Stored data entries:
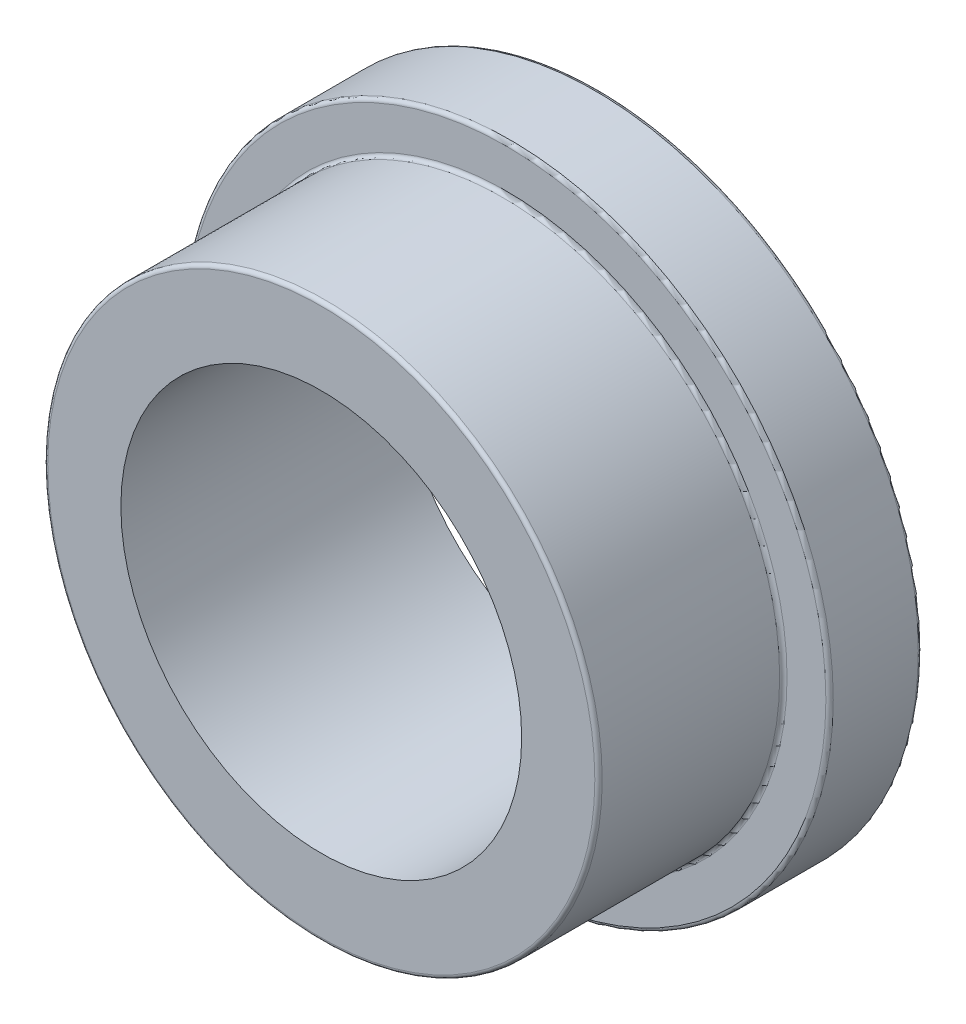
SolidWorks part; units mm, degrees
material "Nylon 101"
ref_plane "Front Plane" through (0, 0, 0) normal (0, 0, 1) x (1, 0, 0)
ref_plane "Top Plane" through (0, 0, 0) normal (0, 1, 0) x (1, 0, 0)
ref_plane "Right Plane" through (0, 0, 0) normal (1, 0, 0) x (0, 0, -1)
sketch "Sketch1" plane through (0, 0, 0) normal (0, 1, 0) x (1, 0, 0)
  line L0 (6.885, -6.35) -> (9.525, -6.35)
  line L1 (9.525, -6.35) -> (9.525, 0)
  line L2 (9.525, 0) -> (11.1125, 0)
  line L3 (11.1125, 0) -> (11.1125, 3.175)
  line L4 (11.1125, 3.175) -> (6.885, 3.175)
  line L5 (6.885, 3.175) -> (6.885, -6.35)
  line L6 (0, 3.175) -> (0, -6.35) construction
  dimension "D1" = 6.885
  dimension "D2" = 9.525
  dimension "D3" = 11.1125
  dimension "D4" = 6.35
  dimension "D5" = 9.525
revolve "Revolve1" add sketch "Sketch1" angle 360 about L6
fillet "Minor Fillet Smoothing" radius 0.127 4 edges at (9.525, 0, 0) (9.525, 0, 6.35) (11.1125, 0, 0) (11.1125, 0, -3.175)

EXERCISE DESCRIPTION: Write out the data above exactly, minus any images.

ANSWER SECTION:
SolidWorks part; units mm, degrees
material "Nylon 101"
ref_plane "Front Plane" through (0, 0, 0) normal (0, 0, 1) x (1, 0, 0)
ref_plane "Top Plane" through (0, 0, 0) normal (0, 1, 0) x (1, 0, 0)
ref_plane "Right Plane" through (0, 0, 0) normal (1, 0, 0) x (0, 0, -1)
sketch "Sketch1" plane through (0, 0, 0) normal (0, 1, 0) x (1, 0, 0)
  line L0 (6.885, -6.35) -> (9.525, -6.35)
  line L1 (9.525, -6.35) -> (9.525, 0)
  line L2 (9.525, 0) -> (11.1125, 0)
  line L3 (11.1125, 0) -> (11.1125, 3.175)
  line L4 (11.1125, 3.175) -> (6.885, 3.175)
  line L5 (6.885, 3.175) -> (6.885, -6.35)
  line L6 (0, 3.175) -> (0, -6.35) construction
  dimension "D1" = 6.885
  dimension "D2" = 9.525
  dimension "D3" = 11.1125
  dimension "D4" = 6.35
  dimension "D5" = 9.525
revolve "Revolve1" add sketch "Sketch1" angle 360 about L6
fillet "Minor Fillet Smoothing" radius 0.127 4 edges at (9.525, 0, 0) (9.525, 0, 6.35) (11.1125, 0, 0) (11.1125, 0, -3.175)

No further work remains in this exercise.